Regulatory Views on Excipients

When it comes to excipients, quality attributes are just as critical. Just ask the global
regulators and pharmacopeias.

Excipients may be defined as the constituents of the pharmaceutical form administered

to the patient, other than the active substance (5). In the European Pharmacopoeia, they
are also defined as substances for pharmaceutical use, organic or inorganic substances,
for the production of medicinal products for human or veterinary use.

During pharmaceutical development ICHQ8 (R2) (3), the quality target product profile
(QTPP) is defined and the critical quality attributes (CQAs) of the drug product
(characteristics having an impact on product quality) are identified.
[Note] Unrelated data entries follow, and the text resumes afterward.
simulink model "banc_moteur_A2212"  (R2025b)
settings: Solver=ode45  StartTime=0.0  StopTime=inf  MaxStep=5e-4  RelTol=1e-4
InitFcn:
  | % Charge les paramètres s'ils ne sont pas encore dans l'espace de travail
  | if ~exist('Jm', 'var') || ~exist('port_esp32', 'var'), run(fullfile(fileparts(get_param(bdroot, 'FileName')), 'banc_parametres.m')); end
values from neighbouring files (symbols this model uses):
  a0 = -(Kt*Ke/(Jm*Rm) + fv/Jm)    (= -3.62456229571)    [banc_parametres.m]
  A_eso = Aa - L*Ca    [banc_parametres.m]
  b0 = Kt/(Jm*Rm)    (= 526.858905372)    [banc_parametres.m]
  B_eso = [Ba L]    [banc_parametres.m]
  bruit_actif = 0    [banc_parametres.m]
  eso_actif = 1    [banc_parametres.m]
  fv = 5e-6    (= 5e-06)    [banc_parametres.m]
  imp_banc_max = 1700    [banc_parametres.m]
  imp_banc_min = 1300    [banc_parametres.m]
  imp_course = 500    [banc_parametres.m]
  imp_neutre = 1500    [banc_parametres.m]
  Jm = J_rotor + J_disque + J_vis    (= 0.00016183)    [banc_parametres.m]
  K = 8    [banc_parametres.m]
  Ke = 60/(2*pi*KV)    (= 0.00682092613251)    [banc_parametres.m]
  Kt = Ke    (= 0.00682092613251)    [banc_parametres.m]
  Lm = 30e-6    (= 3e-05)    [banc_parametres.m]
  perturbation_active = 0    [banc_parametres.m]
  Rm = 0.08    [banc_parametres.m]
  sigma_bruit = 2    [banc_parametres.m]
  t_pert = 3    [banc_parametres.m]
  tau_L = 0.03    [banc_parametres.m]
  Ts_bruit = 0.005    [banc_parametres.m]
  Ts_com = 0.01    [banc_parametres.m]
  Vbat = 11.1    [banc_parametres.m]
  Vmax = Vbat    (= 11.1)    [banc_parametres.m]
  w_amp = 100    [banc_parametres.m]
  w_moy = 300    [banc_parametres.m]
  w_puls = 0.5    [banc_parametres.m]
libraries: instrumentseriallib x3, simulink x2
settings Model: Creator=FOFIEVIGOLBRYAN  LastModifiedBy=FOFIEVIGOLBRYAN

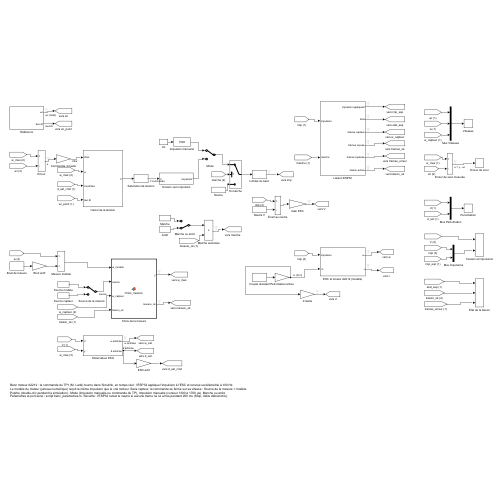
[thumbnail: Simulink's stored preview of the top-level diagram]
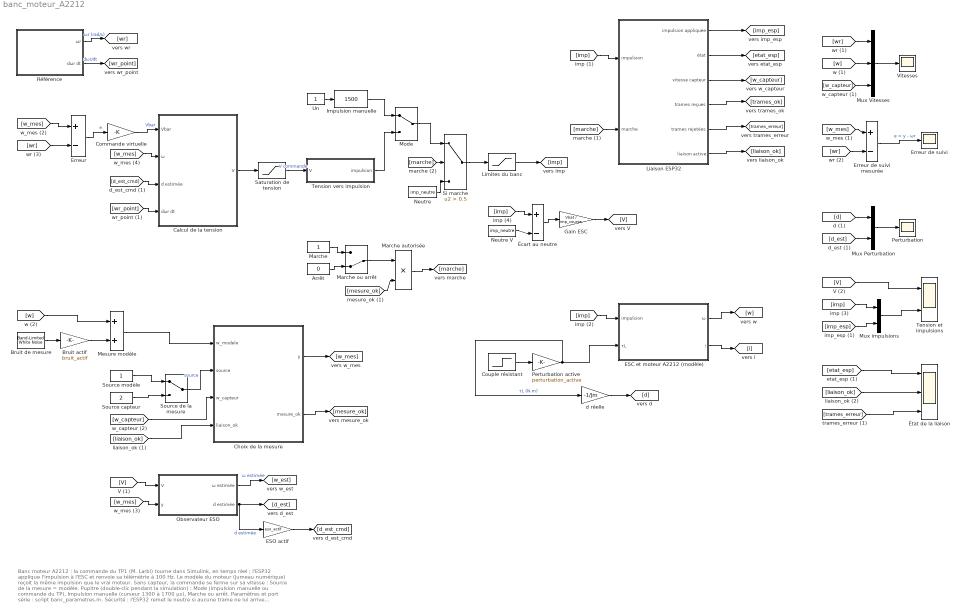
== system banc_moteur_A2212 ==
  note: Banc moteur A2212 : la commande du TP1 (M. Larbi) tourne dans Simulink, en temps réel ; l'ESP32 applique l'impulsion à l'ESC et renvoie sa télémétrie à 100 Hz.
      | Le modèle du moteur (jumeau numérique) reçoit la même impulsion que le vrai moteur. Sans capteur, la commande se ferme sur sa vitesse : Source de la mesure = modèle.
      | Pupitre (double-clic pendant la simulation) : Mode (impulsion manuelle ou commande du TP), Impulsion manuelle (curseur 1300 à 1700 µs), Marche ou arrêt.
      | Paramètres et port série : script banc_parametres.m. Sécurité : l'ESP32 remet le neutre si aucune trame ne lui arrive pendant 200 ms (Stop, câble débranché).
  Arrêt : Constant  Value=0
  Bruit actif : Gain  Gain=bruit_actif
  Bruit de mesure : simulink/Sources/Band-Limited White Noise  Cov=sigma_bruit^2 * Ts_bruit  Ts=Ts_bruit  seed=23341
  Calcul de la tension : Subsystem
  Choix de la mesure : MATLAB Function  TreatAsAtomicUnit=on
  Commande virtuelle : Gain  Gain=-K
  Couple résistant : Step  Time=t_pert  After=tau_L  SampleTime=0
  ESC et moteur A2212 (modèle) : Subsystem
  ESO actif : Gain  Gain=eso_actif
  Erreur : Sum  Inputs=+-
  Erreur de suivi : Scope
  Erreur de suivi mesurée : Sum  Inputs=+-
  Gain ESC : Gain  Gain=Vbat / imp_course
  Impulsion manuelle : simulink/Math Operations/Slider Gain  gain=1500  low=1300  high=1700
  Liaison ESP32 : Subsystem
  Limites du banc : Saturate  UpperLimit=imp_banc_max  LowerLimit=imp_banc_min
  Marche : Constant
  Marche autorisée : Product
  Marche ou arrêt : ManualSwitch  CurrentSetting=0
  Mesure modèle : Sum
  Mode : ManualSwitch
  Mux Perturbation : Mux  Inputs=2
  Mux Vitesses : Mux  Inputs=3
  Mux impulsions : Mux  Inputs=2
  Neutre : Constant  Value=imp_neutre
  Neutre V : Constant  Value=imp_neutre
  Observateur ESO : Subsystem
  Perturbation : Scope
  Perturbation active : Gain  Gain=perturbation_active
  Référence : Subsystem
  Saturation de tension : Saturate  UpperLimit=Vmax  LowerLimit=-Vmax
  Si marche : Switch  Criteria=u2 > Threshold  Threshold=0.5  SaturateOnIntegerOverflow=off  InputSameDT=off
  Source capteur : Constant  Value=2
  Source de la mesure : ManualSwitch
  Source modèle : Constant
  Tension et impulsions : Scope  NumInputPorts=2
      settings: Title=Impulsion envoyée et appliquée (µs)
  Tension vers impulsion : Subsystem
  Un : Constant
  Vitesses : Scope
  d réelle : Gain  Gain=-1/Jm
  Écart au neutre : Sum  Inputs=+-
  État de la liaison : Scope  NumInputPorts=3
      settings: ActiveDisplayString=3  Title=Trames rejetées
  wires:
  Référence/1(ωr) -> [wr]  "ωr (rad/s)"
  Référence/2(dωr dt) -> [wr_point]  "dωr/dt"
  [w_mes] -> Erreur/1
  [wr] -> Erreur/2
  Erreur/1 -> Commande virtuelle/1  "e"
  Commande virtuelle/1 -> Calcul de la tension/1(Vbar)  "Vbar"
  [w_mes] -> Calcul de la tension/2(ω)
  [d_est_cmd] -> Calcul de la tension/3(d estimée)
  [wr_point] -> Calcul de la tension/4(dωr dt)
  Calcul de la tension/1(V) -> Saturation de tension/1
  Saturation de tension/1 -> Tension vers impulsion/1(V)  "V commande"
  Un/1 -> Impulsion manuelle/1
  Impulsion manuelle/1 -> Mode/1
  Tension vers impulsion/1(impulsion) -> Mode/2
  Marche/1 -> Marche ou arrêt/1
  Arrêt/1 -> Marche ou arrêt/2
  Marche ou arrêt/1 -> Marche autorisée/1
  [mesure_ok] -> Marche autorisée/2
  Marche autorisée/1 -> [marche]
  Mode/1 -> Si marche/1
  [marche] -> Si marche/2
  Neutre/1 -> Si marche/3
  Si marche/1 -> Limites du banc/1
  Limites du banc/1 -> [imp]
  [imp] -> Écart au neutre/1
  Neutre V/1 -> Écart au neutre/2
  Écart au neutre/1 -> Gain ESC/1
  Gain ESC/1 -> [V]
  [imp] -> Liaison ESP32/1(impulsion)
  [marche] -> Liaison ESP32/2(marche)
  Liaison ESP32/1(impulsion appliquée) -> [imp_esp]
  Liaison ESP32/2(état) -> [etat_esp]
  Liaison ESP32/3(vitesse capteur) -> [w_capteur]
  Liaison ESP32/4(trames reçues) -> [trames_ok]
  Liaison ESP32/5(trames rejetées) -> [trames_erreur]
  Liaison ESP32/6(liaison active) -> [liaison_ok]
  [imp] -> ESC et moteur A2212 (modèle)/1(impulsion)
  Couple résistant/1 -> Perturbation active/1
  Perturbation active/1 -> ESC et moteur A2212 (modèle)/2(τL), d réelle/1  "τL (N.m)"
  d réelle/1 -> [d]
  ESC et moteur A2212 (modèle)/1(ω) -> [w]
  ESC et moteur A2212 (modèle)/2(i) -> [i]
  Bruit de mesure/1 -> Bruit actif/1
  [w] -> Mesure modèle/1
  Bruit actif/1 -> Mesure modèle/2
  Source modèle/1 -> Source de la mesure/1
  Source capteur/1 -> Source de la mesure/2
  Mesure modèle/1 -> Choix de la mesure/1(w_modele)
  Source de la mesure/1 -> Choix de la mesure/2(source)  "source"
  [w_capteur] -> Choix de la mesure/3(w_capteur)
  [liaison_ok] -> Choix de la mesure/4(liaison_ok)
  Choix de la mesure/1(y) -> [w_mes]
  Choix de la mesure/2(mesure_ok) -> [mesure_ok]
  [V] -> Observateur ESO/1(V)
  [w_mes] -> Observateur ESO/2(y)
  Observateur ESO/1(ω estimée) -> [w_est]  "ω estimée"
  Observateur ESO/2(d estimée) -> [d_est], ESO actif/1  "d estimée"
  ESO actif/1 -> [d_est_cmd]
  Mux Vitesses/1 -> Vitesses/1
  [wr] -> Mux Vitesses/1
  [w] -> Mux Vitesses/2
  [w_capteur] -> Mux Vitesses/3
  Mux Perturbation/1 -> Perturbation/1
  [d] -> Mux Perturbation/1
  [d_est] -> Mux Perturbation/2
  [V] -> Tension et impulsions/1
  [imp] -> Mux impulsions/1
  [imp_esp] -> Mux impulsions/2
  Mux impulsions/1 -> Tension et impulsions/2
  [etat_esp] -> État de la liaison/1
  [liaison_ok] -> État de la liaison/2
  [trames_erreur] -> État de la liaison/3
  [w_mes] -> Erreur de suivi mesurée/1
  [wr] -> Erreur de suivi mesurée/2
  Erreur de suivi mesurée/1 -> Erreur de suivi/1  "e = y - ωr"

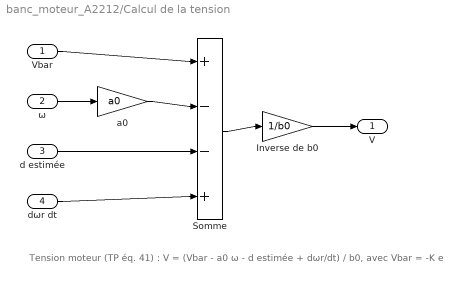
== system banc_moteur_A2212/Calcul de la tension ==
  note: Tension moteur (TP éq. 41) : V = (Vbar - a0 ω - d estimée + dωr/dt) / b0, avec Vbar = -K e
  Vbar : Inport
  ω : Inport  Port=2
  d estimée : Inport  Port=3
  dωr dt : Inport  Port=4
  Inverse de b0 : Gain  Gain=1/b0
  Somme : Sum  Inputs=+--+
  a0 : Gain  Gain=a0
  V : Outport
  wires:
  Vbar/1 -> Somme/1
  ω/1 -> a0/1
  a0/1 -> Somme/2
  d estimée/1 -> Somme/3
  dωr dt/1 -> Somme/4
  Somme/1 -> Inverse de b0/1
  Inverse de b0/1 -> V/1

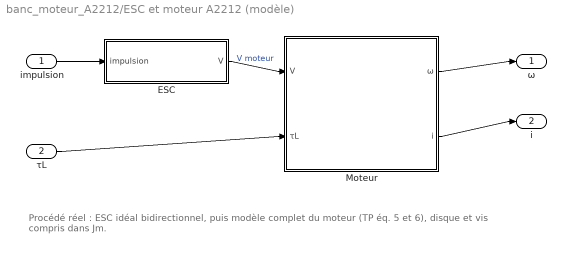
== system banc_moteur_A2212/ESC et moteur A2212 (modèle) ==
  note: Procédé réel : ESC idéal bidirectionnel, puis modèle complet du moteur (TP éq. 5 et 6), disque et vis compris dans Jm.
  impulsion : Inport
  τL : Inport  Port=2
  ESC : Subsystem
  Moteur : Subsystem
  ω : Outport
  i : Outport  Port=2
  wires:
  impulsion/1 -> ESC/1(impulsion)
  ESC/1(V) -> Moteur/1(V)  "V moteur"
  τL/1 -> Moteur/2(τL)
  Moteur/1(ω) -> ω/1
  Moteur/2(i) -> i/1

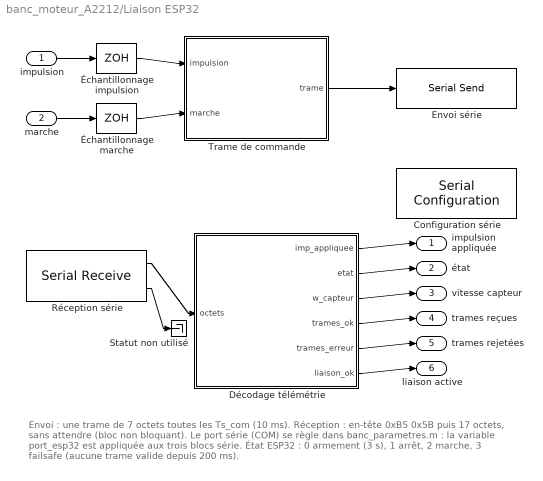
== system banc_moteur_A2212/Liaison ESP32 ==
  note: Envoi : une trame de 7 octets toutes les Ts_com (10 ms). Réception : en-tête 0xB5 0x5B puis 17 octets, sans attendre (bloc non bloquant).
      | Le port série (COM) se règle dans banc_parametres.m : la variable port_esp32 est appliquée aux trois blocs série.
      | État ESP32 : 0 armement (3 s), 1 arrêt, 2 marche, 3 failsafe (aucune trame valide depuis 200 ms).
  impulsion : Inport
  marche : Inport  Port=2
  Configuration série : instrumentseriallib/Serial Configuration  Priority=-200000  PortSel=COM3  Port=COM3  ComPort=COM3  BaudRate=115200  DataBits=8  Parity=none  StopBits=1  ByteOrder=little-endian  FlowControl=none  Timeout=1  SimulateUsing=Interpreted execution  BlockInModel=on  aMode=1
  Décodage télémétrie : MATLAB Function  TreatAsAtomicUnit=on
  Envoi série : instrumentseriallib/Serial Send  Priority=1  PortSel=COM3  Port=COM3  ComPort=COM3  Header=[]  Terminator=<none>  CustomTerminator=[]  EnableBlockingMode=off  SimulateUsing=Interpreted execution  BlockInModel=on  aMode=1
  Réception série : instrumentseriallib/Serial Receive  Priority=1  PortSel=COM3  Port=COM3  ComPort=COM3  DataType=uint8  SaveDataType=uint8  ToggleHeader=on  Header=[181 91]  ToggleDataSize=on  DataSize=[17 1]  ToggleTerminator=off  Terminator=<none>  CustomTerminator=[]  InputFormat=Column major  EnableBlockingMode=off  ActionDataUnavailable=Output last received value  ActionWhenDataUnavailable=Output last received value  CustomValue=0  SampleTime=Ts_com  SimulateUsing=Interpreted execution  BlockInModel=on  aMode=1  LibraryInUse=instrumentlib
  Statut non utilisé : Terminator
  Trame de commande : MATLAB Function  TreatAsAtomicUnit=on
  Échantillonnage impulsion : ZeroOrderHold  SampleTime=Ts_com
  Échantillonnage marche : ZeroOrderHold  SampleTime=Ts_com
  impulsion appliquée : Outport
  état : Outport  Port=2
  vitesse capteur : Outport  Port=3
  trames reçues : Outport  Port=4
  trames rejetées : Outport  Port=5
  liaison active : Outport  Port=6
  wires:
  impulsion/1 -> Échantillonnage impulsion/1
  marche/1 -> Échantillonnage marche/1
  Échantillonnage impulsion/1 -> Trame de commande/1(impulsion)
  Échantillonnage marche/1 -> Trame de commande/2(marche)
  Trame de commande/1(trame) -> Envoi série/1
  Réception série/1 -> Décodage télémétrie/1(octets)
  Réception série/2 -> Statut non utilisé/1
  Décodage télémétrie/1(imp_appliquee) -> impulsion appliquée/1
  Décodage télémétrie/2(etat) -> état/1
  Décodage télémétrie/3(w_capteur) -> vitesse capteur/1
  Décodage télémétrie/4(trames_ok) -> trames reçues/1
  Décodage télémétrie/5(trames_erreur) -> trames rejetées/1
  Décodage télémétrie/6(liaison_ok) -> liaison active/1

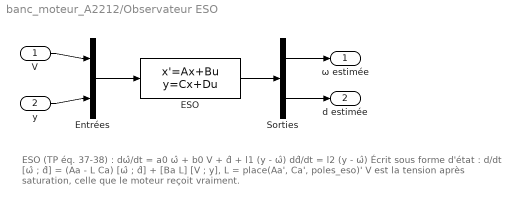
== system banc_moteur_A2212/Observateur ESO ==
  note: ESO (TP éq. 37-38) :  dω̂/dt = a0 ω̂ + b0 V + d̂ + l1 (y - ω̂)     dd̂/dt = l2 (y - ω̂)
      | Écrit sous forme d'état :  d/dt [ω̂ ; d̂] = (Aa - L Ca) [ω̂ ; d̂] + [Ba  L] [V ; y],  L = place(Aa', Ca', poles_eso)'
      | V est la tension après saturation, celle que le moteur reçoit vraiment.
  V : Inport
  y : Inport  Port=2
  ESO : StateSpace  A=A_eso  B=B_eso  C=eye(2)  D=zeros(2)  InitialCondition=[0; 0]
  Entrées : Mux  Inputs=2
  Sorties : Demux  Outputs=2
  ω estimée : Outport
  d estimée : Outport  Port=2
  wires:
  V/1 -> Entrées/1
  y/1 -> Entrées/2
  Entrées/1 -> ESO/1
  ESO/1 -> Sorties/1
  Sorties/1 -> ω estimée/1
  Sorties/2 -> d estimée/1

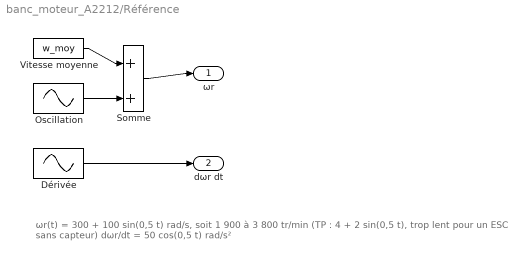
== system banc_moteur_A2212/Référence ==
  note: ωr(t) = 300 + 100 sin(0,5 t) rad/s, soit 1 900 à 3 800 tr/min (TP : 4 + 2 sin(0,5 t), trop lent pour un ESC sans capteur)
      | dωr/dt = 50 cos(0,5 t) rad/s²
  Dérivée : Sin  Amplitude=w_amp * w_puls  Frequency=w_puls  Phase=pi/2  SampleTime=0
  Oscillation : Sin  Amplitude=w_amp  Frequency=w_puls  SampleTime=0
  Somme : Sum
  Vitesse moyenne : Constant  Value=w_moy
  ωr : Outport
  dωr dt : Outport  Port=2
  wires:
  Vitesse moyenne/1 -> Somme/1
  Oscillation/1 -> Somme/2
  Somme/1 -> ωr/1
  Dérivée/1 -> dωr dt/1

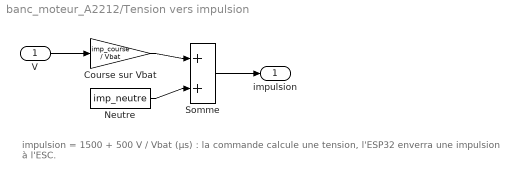
== system banc_moteur_A2212/Tension vers impulsion ==
  note: impulsion = 1500 + 500 V / Vbat (µs) : la commande calcule une tension, l'ESP32 enverra une impulsion à l'ESC.
  V : Inport
  Course sur Vbat : Gain  Gain=imp_course / Vbat
  Neutre : Constant  Value=imp_neutre
  Somme : Sum
  impulsion : Outport
  wires:
  V/1 -> Course sur Vbat/1
  Course sur Vbat/1 -> Somme/1
  Neutre/1 -> Somme/2
  Somme/1 -> impulsion/1

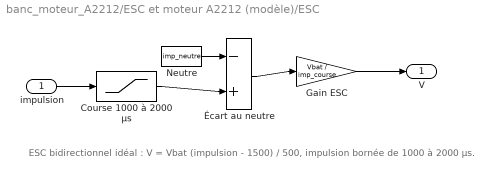
== system banc_moteur_A2212/ESC et moteur A2212 (modèle)/ESC ==
  note: ESC bidirectionnel idéal : V = Vbat (impulsion - 1500) / 500, impulsion bornée de 1000 à 2000 µs.
  impulsion : Inport
  Course 1000 à 2000 µs : Saturate  UpperLimit=imp_neutre + imp_course  LowerLimit=imp_neutre - imp_course
  Gain ESC : Gain  Gain=Vbat / imp_course
  Neutre : Constant  Value=imp_neutre
  Écart au neutre : Sum  Inputs=-+
  V : Outport
  wires:
  impulsion/1 -> Course 1000 à 2000 µs/1
  Neutre/1 -> Écart au neutre/1
  Course 1000 à 2000 µs/1 -> Écart au neutre/2
  Écart au neutre/1 -> Gain ESC/1
  Gain ESC/1 -> V/1

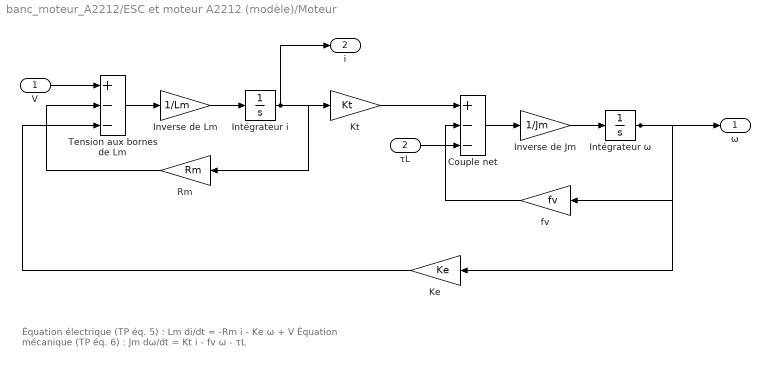
== system banc_moteur_A2212/ESC et moteur A2212 (modèle)/Moteur ==
  note: Équation électrique (TP éq. 5) :   Lm di/dt = -Rm i - Ke ω + V
      | Équation mécanique (TP éq. 6) :   Jm dω/dt = Kt i - fv ω - τL
  V : Inport
  τL : Inport  Port=2
  Couple net : Sum  Inputs=+--
  Intégrateur i : Integrator
  Intégrateur ω : Integrator
  Inverse de Jm : Gain  Gain=1/Jm
  Inverse de Lm : Gain  Gain=1/Lm
  Ke : Gain  Gain=Ke
  Kt : Gain  Gain=Kt
  Rm : Gain  Gain=Rm
  Tension aux bornes de Lm : Sum  Inputs=+--
  fv : Gain  Gain=fv
  ω : Outport
  i : Outport  Port=2
  wires:
  V/1 -> Tension aux bornes de Lm/1
  Tension aux bornes de Lm/1 -> Inverse de Lm/1
  Inverse de Lm/1 -> Intégrateur i/1
  Intégrateur i/1 -> Kt/1, Rm/1, i/1
  Rm/1 -> Tension aux bornes de Lm/2
  Kt/1 -> Couple net/1
  Couple net/1 -> Inverse de Jm/1
  Inverse de Jm/1 -> Intégrateur ω/1
  Intégrateur ω/1 -> ω/1, fv/1, Ke/1
  fv/1 -> Couple net/2
  τL/1 -> Couple net/3
  Ke/1 -> Tension aux bornes de Lm/3

== matlab function banc_moteur_A2212/Liaison ESP32/Décodage télémétrie ==
  data: octets input uint8 size=[17 1]; imp_appliquee output; etat output; w_capteur output; trames_ok output; trames_erreur output; liaison_ok output
function [imp_appliquee, etat, w_capteur, trames_ok, trames_erreur, liaison_ok] = decoder_telemetrie(octets)
% Trame ESP32 -> PC : 0xB5 0x5B | t_ms (uint32) | impulsion (uint16) | état (uint8) | seq (uint8)
%                     | vitesse (single, NaN sans capteur) | trames ok (uint16) | trames rejetées (uint16) | somme
% liaison_ok passe à 0 si la somme est fausse ou si le temps de l'ESP32 n'avance plus depuis 20 lectures (200 ms).
persistent t_prec n_fige
if isempty(t_prec), t_prec = -1; n_fige = 0; end
o = uint8(octets(:)).';
t_ms = double(typecast(o(1:4), 'uint32'));
valide = mod(sum(double(o(1:16))), 256) == double(o(17)) && t_ms > 0;   % que des zéros = rien reçu
if valide && t_ms ~= t_prec, n_fige = 0; else, n_fige = n_fige + 1; end
t_prec = t_ms;
liaison_ok = double(valide && n_fige < 20);
imp_appliquee = double(typecast(o(5:6), 'uint16'));
etat = double(o(7));
w_capteur = double(typecast(o(9:12), 'single'));
trames_ok = double(typecast(o(13:14), 'uint16'));
trames_erreur = double(typecast(o(15:16), 'uint16'));
if ~liaison_ok, w_capteur = NaN; end

== matlab function banc_moteur_A2212/Liaison ESP32/Trame de commande ==
  data: impulsion input; trame output; marche input
function trame = trame_commande(impulsion, marche)
% Trame PC -> ESP32 (7 octets) : 0xA5 0x5A | impulsion (uint16, petit-boutiste) | drapeaux | seq | somme
persistent seq
if isempty(seq), seq = 0; end
seq = mod(seq + 1, 256);
if ~isfinite(impulsion), impulsion = 1500; marche = 0; end   % jamais de NaN vers l'ESC
imp = round(min(max(impulsion, 1000), 2000));
lo = mod(imp, 256);
hi = floor(imp / 256);
drapeaux = double(marche > 0.5);
somme = mod(lo + hi + drapeaux + seq, 256);
trame = uint8([165; 90; lo; hi; drapeaux; seq; somme]);

== matlab function banc_moteur_A2212/Choix de la mesure ==
  data: w_modele input; y output; source input; w_capteur input; liaison_ok input; mesure_ok output
function [y, mesure_ok] = choix_mesure(w_modele, source, w_capteur, liaison_ok)
% source 1 : vitesse du modèle (aucun capteur monté) ; source 2 : vitesse mesurée par l'ESP32.
% Avec la source 2, si la liaison est coupée ou si le capteur ne donne rien (NaN), mesure_ok = 0
% et la marche est refusée : la commande ne doit jamais tourner sur une mesure absente.
y = w_modele;
mesure_ok = 1;
if source > 1.5
    if liaison_ok > 0.5 && isfinite(w_capteur)
        y = w_capteur;
    else
        mesure_ok = 0;
    end
end

Consequently, the
critical quality attributes of the drug substance and excipients are determined by
selecting the type and amount of excipients to deliver a drug product of the desired
quality.

In addition, the ability of excipients to provide their intended function, and to perform
throughout the intended drug product shelf life, should be demonstrated during
pharmaceutical development (3).

The European Pharmacopoeia also developed a general text on the functionality-related

characteristics (FRCs) of excipients (Eur.Ph ; 5.15). The intended function of each
excipient is to guarantee the required physicochemical and biopharmaceutical
properties of the pharmaceutical preparation, and the functionality of each excipient is
determined by its physical and chemical attributes that need to be evaluated only in the
context of a particular formulation and manufacturing process.

The excipient quality attributes related to functionality are called functionality-related

characteristics (FRCs), the monograph section contains FRCs that are known to have an
impact on the functionality of the excipient for the stated uses.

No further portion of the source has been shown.